What needs to be done → Would you please retype, exactly, the lines of the listing below between the line with "HERE = os.path.dirname(os.path.abspath(__file__))" and the line with "a texture the", inclusive?

Provided information →
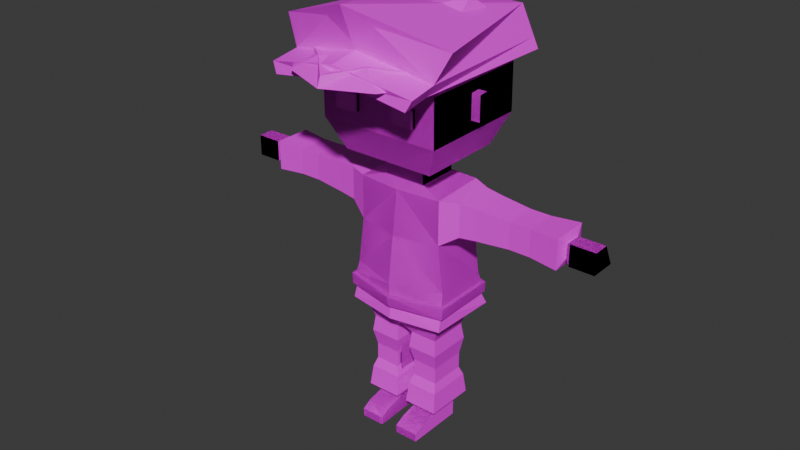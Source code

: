 # Source: hw_skinning.blend  (saved by Blender 4.0.36; exported with 4.5.12 LTS)
import bpy
from mathutils import Matrix  # noqa: F401  (used for matrix-valued properties, if any)

bpy.ops.wm.read_factory_settings(use_empty=True)
scene = bpy.context.scene
scene.name = 'Scene'

# ---- collections
col_collection = bpy.data.collections.new('Collection'); scene.collection.children.link(col_collection)

# ---- images (referenced by path relative to the original .blend; pixels are not part of the script)
import os
ASSET_DIR = os.environ.get("B2B_ASSET_DIR", "")  # directory of the original .blend (textures are referenced by path, not embedded)
HERE = os.path.dirname(os.path.abspath(__file__))  # packed textures are extracted next to this script under _unpacked/

def load_image(name, relpath, width, height, colorspace="sRGB"):
    """Load a texture the original file referenced (path relative to the .blend, or extracted next to this script)."""
    p = next((c for c in (os.path.join(HERE, relpath), os.path.join(ASSET_DIR, relpath)) if relpath and os.path.exists(c)), "")
    if p:
        img = bpy.data.images.load(p, check_existing=True)
        img.name = name
    else:  # same state as the original file: an image datablock whose file is absent (Cycles renders it pink)
        img = bpy.data.images.new(name, width, height)
        img.source = "FILE"
        img.filepath = "//" + (relpath or name)
    img.colorspace_settings.name = colorspace
    return img
img_imphenziapalette01_png = load_image('ImphenziaPalette01.png', 'ImphenziaPalette01.png', 1024, 1024, 'sRGB')

# ---- materials (node trees are filled in below, after node groups)
mat_material = bpy.data.materials.new('Material')
mat_material.alpha_threshold = 0.0
mat_material.use_transparent_shadow = False
mat_material.roughness = 0.5
mat_material.line_color = (0.0, 0.0, 0.0, 1.0)

# ---- material node trees
mat_material.use_nodes = True; mat_material.node_tree.nodes.clear()
_N = mat_material.node_tree.nodes; _L = mat_material.node_tree.links
n0 = _N.new('ShaderNodeOutputMaterial'); n0.name = 'Material Output'; n0.location = (300, 300)
n1 = _N.new('ShaderNodeBsdfPrincipled'); n1.name = 'Principled BSDF'; n1.location = (10, 300)
n1.inputs[3].default_value = 1.45
n2 = _N.new('ShaderNodeTexImage'); n2.name = 'Image Texture.001'; n2.location = (-393, 169)
n2.image = img_imphenziapalette01_png
n2.interpolation = 'Closest'
_L.new(n1.outputs[0], n0.inputs[0])
_L.new(n2.outputs[0], n1.inputs[0])
n0.is_active_output = True

# ---- world
world_world = bpy.data.worlds.new('World'); scene.world = world_world
world_world.use_nodes = True; world_world.node_tree.nodes.clear()
_N = world_world.node_tree.nodes; _L = world_world.node_tree.links
n0 = _N.new('ShaderNodeOutputWorld'); n0.name = 'World Output'; n0.location = (300, 300)
n1 = _N.new('ShaderNodeBackground'); n1.name = 'Background'; n1.location = (10, 300)
n1.inputs[0].default_value = (0.05088, 0.05088, 0.05088, 1.0)
_L.new(n1.outputs[0], n0.inputs[0])
n0.is_active_output = True
world_world.color = (0.05088, 0.05088, 0.05088)
world_world.use_sun_shadow = False
world_world.sun_shadow_jitter_overblur = 0.0

# ---- meshes
me_cube = bpy.data.meshes.new('Cube')
me_cube.from_pydata([(0.1539, 0.09514, 0.9086), (0.04664, 0.09514, 0.406), (0.1539, -0.09514, 0.8969), (0.006369, -0.09514, 0.4028), (0.0, 0.09514, 0.406), (0.0, -0.1105, 0.8969), (0.0, -0.09514, 0.4028), (0.0, 0.1063, 0.9086), (0.1539, 0.09514, 0.7454), (0.1749, 0.09514, 0.5806), (0.1539, -0.09514, 0.7422), (0.1749, -0.09514, 0.5775), (0.0, -0.1304, 0.7422), (0.0, -0.1512, 0.5775), (0.0, 0.1063, 0.7454), (0.0, 0.1218, 0.5806), (0.1539, 0.09514, 0.4496), (0.1539, -0.08657, 0.4465), (0.0, -0.1218, 0.4465), (0.0, 0.1218, 0.4496), (0.1539, 0.09514, 0.4496), (0.04664, 0.09514, 0.406), (0.1539, -0.09514, 0.4465), (0.006369, -0.09514, 0.4028), (0.115, 0.05298, 0.3699), (0.03079, 0.05298, 0.3689), (0.1145, -0.05047, 0.3683), (0.03086, -0.05047, 0.3673), (0.1167, 0.05528, 0.2478), (0.03251, 0.05528, 0.2478), (0.1162, -0.04818, 0.2478), (0.03258, -0.04818, 0.2478), (0.1167, 0.05528, 0.2236), (0.03251, 0.05528, 0.2236), (0.1162, -0.04818, 0.2236), (0.03258, -0.04818, 0.2236), (0.1167, 0.05528, 0.2009), (0.03251, 0.05528, 0.2009), (0.1162, -0.04818, 0.2009), (0.03258, -0.04818, 0.2009), (0.1167, 0.05528, 0.06567), (0.03607, 0.05528, 0.06567), (0.1162, -0.04818, 0.06567), (0.03258, -0.04818, 0.06567), (0.1167, 0.05528, 0.001015), (0.03607, 0.05528, 0.001015), (0.1162, -0.04818, 0.001015), (0.0356, -0.04818, 0.001015), (0.1162, -0.1169, 0.04977), (0.03258, -0.1169, 0.04977), (0.1162, -0.1169, 0.001015), (0.03301, -0.1169, 0.001015), (0.1159, -0.1529, 0.03069), (0.03225, -0.1529, 0.03069), (0.1159, -0.1519, 0.001015), (0.03225, -0.1519, 0.001015), (0.1262, -0.06053, 0.07991), (0.1267, 0.06763, 0.07991), (0.02253, -0.06053, 0.07991), (0.02613, 0.06763, 0.07991), (0.2163, 0.05723, 0.8902), (0.2163, -0.05723, 0.8883), (0.2163, 0.05723, 0.7971), (0.2163, -0.05723, 0.7952), (0.3983, 0.04246, 0.8779), (0.3983, -0.04246, 0.8765), (0.3983, 0.04246, 0.8089), (0.3983, -0.04246, 0.8074), (0.4247, 0.04246, 0.8779), (0.4247, -0.04246, 0.8765), (0.4247, 0.04246, 0.8089), (0.4247, -0.04246, 0.8074), (0.4537, 0.04246, 0.8779), (0.4537, -0.04246, 0.8765), (0.4537, 0.04246, 0.8089), (0.4537, -0.04246, 0.8074), (0.5724, 0.02982, 0.8674), (0.5724, -0.02982, 0.8664), (0.5724, 0.02982, 0.8189), (0.5724, -0.02982, 0.8179), (0.5908, 0.009916, 0.8802), (0.5908, -0.04519, 0.8787), (0.5908, 0.04519, 0.8067), (0.5908, -0.04519, 0.8052), (0.6779, 0.009916, 0.8802), (0.6779, -0.04519, 0.8787), (0.6779, 0.04519, 0.8067), (0.6779, -0.04519, 0.8052), (0.07349, 0.07165, 0.9216), (0.07349, -0.07238, 0.9192), (0.0, 0.07165, 0.9216), (0.0, -0.07238, 0.9192), (0.07349, 0.07098, 0.9615), (0.07349, -0.07304, 0.9591), (0.0, 0.07098, 0.9615), (0.0, -0.07304, 0.9591), (0.1639, 0.1484, 1.01), (0.1639, -0.1554, 1.005), (0.0, 0.1484, 1.01), (0.0, -0.1554, 1.005), (0.1639, 0.1421, 1.392), (0.1639, -0.1618, 1.387), (0.0, 0.1421, 1.392), (0.0, -0.1618, 1.387), (0.0, 0.1889, 1.12), (0.0, 0.1862, 1.283), (0.2131, 0.1889, 1.12), (0.2131, 0.1862, 1.283), (0.2131, -0.2022, 1.277), (0.2131, -0.1995, 1.114), (0.0, -0.2022, 1.277), (0.0, -0.1995, 1.114), (0.1794, 0.106, 0.5387), (0.1794, -0.1055, 0.5352), (0.0, -0.1483, 0.5352), (0.0, 0.1423, 0.5387), (0.1764, 0.1084, 0.4991), (0.1764, -0.1052, 0.4955), (0.0, -0.1406, 0.4955), (0.0, 0.1414, 0.4991), (0.1915, 0.1152, 0.5381), (0.1915, -0.1147, 0.5335), (0.0, 0.1572, 0.5389), (0.0, -0.1631, 0.5336), (0.1878, 0.1185, 0.4985), (0.188, -0.1149, 0.4938), (0.0, -0.1554, 0.4939), (0.0, 0.1564, 0.4993), (0.2131, 0.009721, 1.157), (0.2131, 0.009494, 1.243), (0.2131, -0.02304, 1.24), (0.2131, -0.02281, 1.154), (0.2442, 0.009721, 1.157), (0.2442, 0.009494, 1.243), (0.2442, -0.02304, 1.24), (0.2442, -0.02281, 1.154), (0.1436, -0.2013, 1.224), (0.1436, -0.2004, 1.167), (0.06956, -0.2013, 1.224), (0.06956, -0.2004, 1.167), (0.1066, -0.2004, 1.167), (0.1066, -0.2013, 1.224), (0.1436, -0.2103, 1.224), (0.1436, -0.2094, 1.167), (0.06956, -0.2094, 1.167), (0.06956, -0.2103, 1.224), (0.1066, -0.2094, 1.167), (0.1066, -0.2103, 1.224), (0.1639, 0.1421, 1.392), (0.1639, -0.1618, 1.387), (0.0, 0.1421, 1.392), (0.0, -0.1618, 1.387), (0.0, 0.1862, 1.283), (0.2131, 0.1862, 1.283), (0.2131, -0.2022, 1.277), (0.0, -0.2022, 1.277), (0.1436, -0.2202, 1.223), (0.1436, -0.2193, 1.167), (0.06956, -0.2193, 1.167), (0.06956, -0.2202, 1.223), (0.1066, -0.2193, 1.167), (0.1066, -0.2202, 1.223)], [], [(4, 1, 3, 6), (2, 10, 63, 61), (14, 7, 0, 8), (0, 7, 90, 88), (10, 2, 5, 12), (113, 11, 13, 114), (11, 10, 12, 13), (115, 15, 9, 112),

Output for this task →
HERE = os.path.dirname(os.path.abspath(__file__))  # packed textures are extracted next to this script under _unpacked/

def load_image(name, relpath, width, height, colorspace="sRGB"):
    """Load a texture the original file referenced (path relative to the .blend, or extracted next to this script)."""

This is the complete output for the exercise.